To get the first k numbers in a binary tree closest to the given target. Actually if k = n, the time complexity is O(n) since the result array has n elements. But we can do it in O(klogn) by finding the closest number in a loop. The idea is to find the maximum number smaller(or equals) to k and the minimum number larger(or equals) to k.
And we tag the nodes by binary index to identify whether this node is used or not. There is some discussion in different situations.
Find number within [low,high] ensuring the number is the same when rotated 180 degrees. This can be solved faster through complex logic, but for questions relating to symmetric reasoning. It's better to disscuss in different situations for whether it's odd or even. Here we just generate all possible answers and check whether it's within low and high or not. dp is a possible way to do that, dfs also works.
Paint house with a cost matrix (paint house i with color j costs cost[i][j]), with no two adjacent houses share the same color. dp[i][j] = minimum cost from 0-i with house i of color j, result is min(dp[-1])
Given a list of words sorted by a certain order (like a<b<c<d... or z<f<k<g...), get that order. We can get a certain order by two adjacent words, this order can be represented by an directed edge, finally we can get a graph. if it is a DAG, then we have the result by its topo order.

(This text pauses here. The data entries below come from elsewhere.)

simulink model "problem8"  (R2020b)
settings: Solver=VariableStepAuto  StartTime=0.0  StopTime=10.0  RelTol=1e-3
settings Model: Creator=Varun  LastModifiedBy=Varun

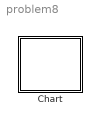
== system problem8 ==
  Chart : Stateflow chart  TreatAsAtomicUnit=on

== stateflow chart problem8/Chart ==
  state GroundFloor
    entry:
    status:
    during:
    currentFloor=0;
    checkFloor(currentFloor);
    exit:
    status=0;
  (default) -> GroundFloor
simulink model "s_deng_rev1_13_wide"  (R2016b)
(part 3 of 68)

      mask Display:
      | port_label('input', 1, 'd');
      | port_label('output', 1, 'q');
      | disp(['Z^-', num2str(latency)]);
  pipeline80 : Subsystem  AncestorBlock=casper_library_delays/pipeline  mask(pipeline){latency=1}
      mask help:
      | An explicitly laid-out delay line to avoid mapping to SRL16s
      | for use in pipelining to help achieve timing closure.
      mask init:
      | pipeline_init(gcb,'latency',latency);
      settings: AttributesFormatString=Latency = %<latency>
      mask Display:
      | port_label('input', 1, 'd');
      | port_label('output', 1, 'q');
      | disp(['Z^-', num2str(latency)]);
  pipeline81 : Subsystem  AncestorBlock=casper_library_delays/pipeline  mask(pipeline){latency=3}
      mask help:
      | An explicitly laid-out delay line to avoid mapping to SRL16s
      | for use in pipelining to help achieve timing closure.
      mask init:
      | pipeline_init(gcb,'latency',latency);
      settings: AttributesFormatString=Latency = %<latency>
      mask Display:
      | port_label('input', 1, 'd');
      | port_label('output', 1, 'q');
      | disp(['Z^-', num2str(latency)]);
  pipeline82 : Subsystem  AncestorBlock=casper_library_delays/pipeline  mask(pipeline){latency=1}
      mask help:
      | An explicitly laid-out delay line to avoid mapping to SRL16s
      | for use in pipelining to help achieve timing closure.
      mask init:
      | pipeline_init(gcb,'latency',latency);
      settings: AttributesFormatString=Latency = %<latency>
      mask Display:
      | port_label('input', 1, 'd');
      | port_label('output', 1, 'q');
      | disp(['Z^-', num2str(latency)]);
  pipeline83 : Subsystem  AncestorBlock=casper_library_delays/pipeline  mask(pipeline){latency=1}
      mask help:
      | An explicitly laid-out delay line to avoid mapping to SRL16s
      | for use in pipelining to help achieve timing closure.
      mask init:
      | pipeline_init(gcb,'latency',latency);
      settings: AttributesFormatString=Latency = %<latency>
      mask Display:
      | port_label('input', 1, 'd');
      | port_label('output', 1, 'q');
      | disp(['Z^-', num2str(latency)]);
  pipeline84 : Subsystem  AncestorBlock=casper_library_delays/pipeline  mask(pipeline){latency=1}
      mask help:
      | An explicitly laid-out delay line to avoid mapping to SRL16s
      | for use in pipelining to help achieve timing closure.
      mask init:
      | pipeline_init(gcb,'latency',latency);
      settings: AttributesFormatString=Latency = %<latency>
      mask Display:
      | port_label('input', 1, 'd');
      | port_label('output', 1, 'q');
      | disp(['Z^-', num2str(latency)]);
  pipeline85 : Subsystem  AncestorBlock=casper_library_delays/pipeline  mask(pipeline){latency=1}
      mask help:
      | An explicitly laid-out delay line to avoid mapping to SRL16s
      | for use in pipelining to help achieve timing closure.
      mask init:
      | pipeline_init(gcb,'latency',latency);
      settings: AttributesFormatString=Latency = %<latency>
      mask Display:
      | port_label('input', 1, 'd');
      | port_label('output', 1, 'q');
      | disp(['Z^-', num2str(latency)]);
  pipeline86 : Subsystem  AncestorBlock=casper_library_delays/pipeline  mask(pipeline){latency=3}
      mask help:
      | An explicitly laid-out delay line to avoid mapping to SRL16s
      | for use in pipelining to help achieve timing closure.
      mask init:
      | pipeline_init(gcb,'latency',latency);
      settings: AttributesFormatString=Latency = %<latency>
      mask Display:
      | port_label('input', 1, 'd');
      | port_label('output', 1, 'q');
      | disp(['Z^-', num2str(latency)]);
  pipeline87 : Subsystem  AncestorBlock=casper_library_delays/pipeline  mask(pipeline){latency=2}
      mask help:
      | An explicitly laid-out delay line to avoid mapping to SRL16s
      | for use in pipelining to help achieve timing closure.
      mask init:
      | pipeline_init(gcb,'latency',latency);
      settings: AttributesFormatString=Latency = %<latency>
      mask Display:
      | port_label('input', 1, 'd');
      | port_label('output', 1, 'q');
      | disp(['Z^-', num2str(latency)]);
  pipeline88 : Subsystem  AncestorBlock=casper_library_delays/pipeline  mask(pipeline){latency=2}
      mask help:
      | An explicitly laid-out delay line to avoid mapping to SRL16s
      | for use in pipelining to help achieve timing closure.
      mask init:
      | pipeline_init(gcb,'latency',latency);
      settings: AttributesFormatString=Latency = %<latency>
      mask Display:
      | port_label('input', 1, 'd');
      | port_label('output', 1, 'q');
      | disp(['Z^-', num2str(latency)]);
  pipeline89 : Subsystem  AncestorBlock=casper_library_delays/pipeline  mask(pipeline){latency=2}
      mask help:
      | An explicitly laid-out delay line to avoid mapping to SRL16s
      | for use in pipelining to help achieve timing closure.
      mask init:
      | pipeline_init(gcb,'latency',latency);
      settings: AttributesFormatString=Latency = %<latency>
      mask Display:
      | port_label('input', 1, 'd');
      | port_label('output', 1, 'q');
      | disp(['Z^-', num2str(latency)]);
  pipeline9 : Subsystem  AncestorBlock=casper_library_delays/pipeline  mask(pipeline){latency=3}
      mask help:
      | An explicitly laid-out delay line to avoid mapping to SRL16s
      | for use in pipelining to help achieve timing closure.
      mask init:
      | pipeline_init(gcb,'latency',latency);
      settings: AttributesFormatString=Latency = %<latency>
      mask Display:
      | port_label('input', 1, 'd');
      | port_label('output', 1, 'q');
      | disp(['Z^-', num2str(latency)]);
  pipeline90 : Subsystem  AncestorBlock=casper_library_delays/pipeline  mask(pipeline){latency=2}
      mask help:
      | An explicitly laid-out delay line to avoid mapping to SRL16s
      | for use in pipelining to help achieve timing closure.
      mask init:
      | pipeline_init(gcb,'latency',latency);
      settings: AttributesFormatString=Latency = %<latency>
      mask Display:
      | port_label('input', 1, 'd');
      | port_label('output', 1, 'q');
      | disp(['Z^-', num2str(latency)]);
  pipeline91 : Subsystem  AncestorBlock=casper_library_delays/pipeline  mask(pipeline){latency=2}
      mask help:
      | An explicitly laid-out delay line to avoid mapping to SRL16s
      | for use in pipelining to help achieve timing closure.
      mask init:
      | pipeline_init(gcb,'latency',latency);
      settings: AttributesFormatString=Latency = %<latency>
      mask Display:
      | port_label('input', 1, 'd');
      | port_label('output', 1, 'q');
      | disp(['Z^-', num2str(latency)]);
  pipeline92 : Subsystem  AncestorBlock=casper_library_delays/pipeline  mask(pipeline){latency=2}
      mask help:
      | An explicitly laid-out delay line to avoid mapping to SRL16s
      | for use in pipelining to help achieve timing closure.
      mask init:
      | pipeline_init(gcb,'latency',latency);
      settings: AttributesFormatString=Latency = %<latency>
      mask Display:
      | port_label('input', 1, 'd');
      | port_label('output', 1, 'q');
      | disp(['Z^-', num2str(latency)]);
  pipeline93 : Subsystem  AncestorBlock=casper_library_delays/pipeline  mask(pipeline){latency=2}
      mask help:
      | An explicitly laid-out delay line to avoid mapping to SRL16s
      | for use in pipelining to help achieve timing closure.
      mask init:
      | pipeline_init(gcb,'latency',latency);
      settings: AttributesFormatString=Latency = %<latency>
      mask Display:
      | port_label('input', 1, 'd');
      | port_label('output', 1, 'q');
      | disp(['Z^-', num2str(latency)]);
  pipeline94 : Subsystem  AncestorBlock=casper_library_delays/pipeline  mask(pipeline){latency=2}
      mask help:
      | An explicitly laid-out delay line to avoid mapping to SRL16s
      | for use in pipelining to help achieve timing closure.
      mask init:
      | pipeline_init(gcb,'latency',latency);
      settings: AttributesFormatString=Latency = %<latency>
      mask Display:
      | port_label('input', 1, 'd');
      | port_label('output', 1, 'q');
      | disp(['Z^-', num2str(latency)]);
  pipeline95 : Subsystem  AncestorBlock=casper_library_delays/pipeline  mask(pipeline){latency=2}
      mask help:
      | An explicitly laid-out delay line to avoid mapping to SRL16s
      | for use in pipelining to help achieve timing closure.
      mask init:
      | pipeline_init(gcb,'latency',latency);
      settings: AttributesFormatString=Latency = %<latency>
      mask Display:
      | port_label('input', 1, 'd');
      | port_label('output', 1, 'q');
      | disp(['Z^-', num2str(latency)]);
  pipeline96 : Subsystem  AncestorBlock=casper_library_delays/pipeline  mask(pipeline){latency=2}
      mask help:
      | An explicitly laid-out delay line to avoid mapping to SRL16s
      | for use in pipelining to help achieve timing closure.
      mask init:
      | pipeline_init(gcb,'latency',latency);
      settings: AttributesFormatString=Latency = %<latency>
      mask Display:
      | port_label('input', 1, 'd');
      | port_label('output', 1, 'q');
      | disp(['Z^-', num2str(latency)]);
  pipeline97 : Subsystem  AncestorBlock=casper_library_delays/pipeline  mask(pipeline){latency=2}
      mask help:
      | An explicitly laid-out delay line to avoid mapping to SRL16s
      | for use in pipelining to help achieve timing closure.
      mask init:
      | pipeline_init(gcb,'latency',latency);
      settings: AttributesFormatString=Latency = %<latency>
      mask Display:
      | port_label('input', 1, 'd');
      | port_label('output', 1, 'q');
      | disp(['Z^-', num2str(latency)]);
  pipeline98 : Subsystem  AncestorBlock=casper_library_delays/pipeline  mask(pipeline){latency=2}
      mask help:
      | An explicitly laid-out delay line to avoid mapping to SRL16s
      | for use in pipelining to help achieve timing closure.
      mask init:
      | pipeline_init(gcb,'latency',latency);
      settings: AttributesFormatString=Latency = %<latency>
      mask Display:
      | port_label('input', 1, 'd');
      | port_label('output', 1, 'q');
      | disp(['Z^-', num2str(latency)]);
  pipeline99 : Subsystem  AncestorBlock=casper_library_delays/pipeline  mask(pipeline){latency=2}
      mask help:
      | An explicitly laid-out delay line to avoid mapping to SRL16s
      | for use in pipelining to help achieve timing closure.
      mask init:
      | pipeline_init(gcb,'latency',latency);
      settings: AttributesFormatString=Latency = %<latency>
      mask Display:
      | port_label('input', 1, 'd');
      | port_label('output', 1, 'q');
      | disp(['Z^-', num2str(latency)]);
  pkt_rate0 : Subsystem
  pkt_size0 : Subsystem  Tag=xps:sw_reg  AncestorBlock=xps_library/software_register  mask(swreg){io_dir=From Processor, io_delay=0, sample_period=1, names=reg, bitwidths=32, bin_pts=0, arith_types=0, sim_port=on, show_format=on}
      mask prompts: io_dir "I/O direction"; io_delay "I/O delay"; sample_period "Sample period"; names "Bitfield names [msb...lsb]"; bitwidths "Bitfield widths"; bin_pts "Bitfield binary pts"; arith_types "Bitfield types, ufix=0, fix=1, bool=2"; sim_port "Provide sim input/output?"; show_format "Print format string?"
      mask help: A 32-bit software-accessible register. Can be divided into bitfields of varying widths and types using the fields in the block mask.
      mask init:
      | swreg_init(gcb)
      settings: AttributesFormatString=1input:uf32.0 = 32 bits
      mask TypeOptions io_dir: To Processor | From Processor
      mask Callback io_dir:
      | mask_enables = get_param(gcb, 'MaskEnables');
      | mask_names = get_param(gcb, 'MaskNames');
      | if strcmp(get_param(gcb, 'io_dir'), 'To Processor'),
      |     mask_enables{ismember(mask_names, 'sample_period')} = 'off';
      | else
      |     mask_enables{ismember(mask_names, 'sample_period')} = 'on';
      | end
      | set_param(gcb, 'MaskEnables', mask_enables);
  pkt_size_calc0 : Subsystem
  pol0_num_pkts : Subsystem  Tag=xps:sw_reg  AncestorBlock=xps_library/software_register  mask(swreg){io_dir=From Processor, io_delay=1, sample_period=1, names=pol0_num_pkts, bitwidths=32, bin_pts=0, arith_types=0, sim_port=on, show_format=on}
      mask prompts: io_dir "I/O direction"; io_delay "I/O delay"; sample_period "Sample period"; names "Bitfield names [msb...lsb]"; bitwidths "Bitfield widths"; bin_pts "Bitfield binary pts"; arith_types "Bitfield types, ufix=0, fix=1, bool=2"; sim_port "Provide sim input/output?"; show_format "Print format string?"
      mask help: A 32-bit software-accessible register. Can be divided into bitfields of varying widths and types using the fields in the block mask.
      mask init:
      | swreg_init(gcb)
      settings: AttributesFormatString=1input:uf32.0 = 32 bits
      mask TypeOptions io_dir: To Processor | From Processor
      mask Callback io_dir:
      | mask_enables = get_param(gcb, 'MaskEnables');
      | mask_names = get_param(gcb, 'MaskNames');
      | if strcmp(get_param(gcb, 'io_dir'), 'To Processor'),
      |     mask_enables{ismember(mask_names, 'sample_period')} = 'off';
      | else
      |     mask_enables{ismember(mask_names, 'sample_period')} = 'on';
      | end
      | set_param(gcb, 'MaskEnables', mask_enables);
  pol0_sample_offset : Subsystem  Tag=xps:sw_reg  AncestorBlock=xps_library/software_register  mask(swreg){io_dir=From Processor, io_delay=1, sample_period=1, names=pol0_sample_offset, bitwidths=18, bin_pts=0, arith_types=0, sim_port=on, show_format=on}
      mask prompts: io_dir "I/O direction"; io_delay "I/O delay"; sample_period "Sample period"; names "Bitfield names [msb...lsb]"; bitwidths "Bitfield widths"; bin_pts "Bitfield binary pts"; arith_types "Bitfield types, ufix=0, fix=1, bool=2"; sim_port "Provide sim input/output?"; show_format "Print format string?"
      mask help: A 32-bit software-accessible register. Can be divided into bitfields of varying widths and types using the fields in the block mask.
      mask init:
      | swreg_init(gcb)
      settings: AttributesFormatString=1input:uf18.0 = 18 bits
      mask TypeOptions io_dir: To Processor | From Processor
      mask Callback io_dir:
      | mask_enables = get_param(gcb, 'MaskEnables');
      | mask_names = get_param(gcb, 'MaskNames');
      | if strcmp(get_param(gcb, 'io_dir'), 'To Processor'),
      |     mask_enables{ismember(mask_names, 'sample_period')} = 'off';
      | else
      |     mask_enables{ismember(mask_names, 'sample_period')} = 'on';
      | end
      | set_param(gcb, 'MaskEnables', mask_enables);
  pol1_num_pkts : Subsystem  Tag=xps:sw_reg  AncestorBlock=xps_library/software_register  mask(swreg){io_dir=From Processor, io_delay=1, sample_period=1, names=pol1_num_pkts, bitwidths=32, bin_pts=0, arith_types=0, sim_port=on, show_format=on}
      mask prompts: io_dir "I/O direction"; io_delay "I/O delay"; sample_period "Sample period"; names "Bitfield names [msb...lsb]"; bitwidths "Bitfield widths"; bin_pts "Bitfield binary pts"; arith_types "Bitfield types, ufix=0, fix=1, bool=2"; sim_port "Provide sim input/output?"; show_format "Print format string?"
      mask help: A 32-bit software-accessible register. Can be divided into bitfields of varying widths and types using the fields in the block mask.
      mask init:
      | swreg_init(gcb)
      settings: AttributesFormatString=1input:uf32.0 = 32 bits
      mask TypeOptions io_dir: To Processor | From Processor
      mask Callback io_dir:
      | mask_enables = get_param(gcb, 'MaskEnables');
      | mask_names = get_param(gcb, 'MaskNames');
      | if strcmp(get_param(gcb, 'io_dir'), 'To Processor'),
      |     mask_enables{ismember(mask_names, 'sample_period')} = 'off';
      | else
      |     mask_enables{ismember(mask_names, 'sample_period')} = 'on';
      | end
      | set_param(gcb, 'MaskEnables', mask_enables);
  pol1_sample_offset : Subsystem  Tag=xps:sw_reg  AncestorBlock=xps_library/software_register  mask(swreg){io_dir=From Processor, io_delay=1, sample_period=1, names=pol1_sample_offset, bitwidths=18, bin_pts=0, arith_types=0, sim_port=on, show_format=on}
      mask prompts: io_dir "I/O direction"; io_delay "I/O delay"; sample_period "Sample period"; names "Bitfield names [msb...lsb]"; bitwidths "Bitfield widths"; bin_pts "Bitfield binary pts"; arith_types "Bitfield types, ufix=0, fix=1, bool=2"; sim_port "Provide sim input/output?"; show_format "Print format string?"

Get k values closest the target in a Binary Search Tree. A simple solution is traverse + two pointers, which is O(n). But for the follow up, the way to do it in O(klogn) can be: For each round, we select the maximum value smaller than target and minimum value greater than target. Compare their abs value and set a visited flag to the node with smaller abs value. The next round, if we encounter a node we visited in "find the maximum value smaller than target", we go to the left node, because we it's right child must have been visited before. It's the same for the right side.
Given a string of digits only, add '+-*' in any position between digits to make the expression value to equal to a target. Backtrack and try each possible position.
Core code, idea is to add previous number as default, and subtract from the sum when * is added behind
backtrack(j + 1, path + "*" + str(num), resultSoFar - prevNum + prevNum * num, prevNum * num)
Given a stream of numbers, find the median in O(logn) time. An idea is to maintain two heaps, one is a min heap and the other is a max heap. And maintain the size of two heaps has difference less than two. Or we can use segment tree and binary search to find kth element of the data stream. This is an overkill for such problems(But for this problem, it's slower since it's O(logn * logn)).
Given a grid with some points, return the minimum Manhattan Distance from any node to all these nodes. The chosen node and these nodes can overlap. The answer is pretty simple, the coordinate x,y of the chosen point is just the median of all the xs and ys. There is an intuitive idea about that: For any two points, the chosen point with minimum distance must in the shaded area. Even if we project that two points in the edges, the result will still be the same. So for all the points, we project them to edges and the result is obviously the median of all xs and ys.
Given a string s that contains parentheses and letters, remove the minimum number of invalid parentheses to make the input string valid.
My solution is quite lengthy and now doable in an interview, here is a version which I believe is simple and easy to implement
- Mention when removing ')', we must ensure we are not removing the last ')' of an expression like '((())', even if rightsToRemove > 0.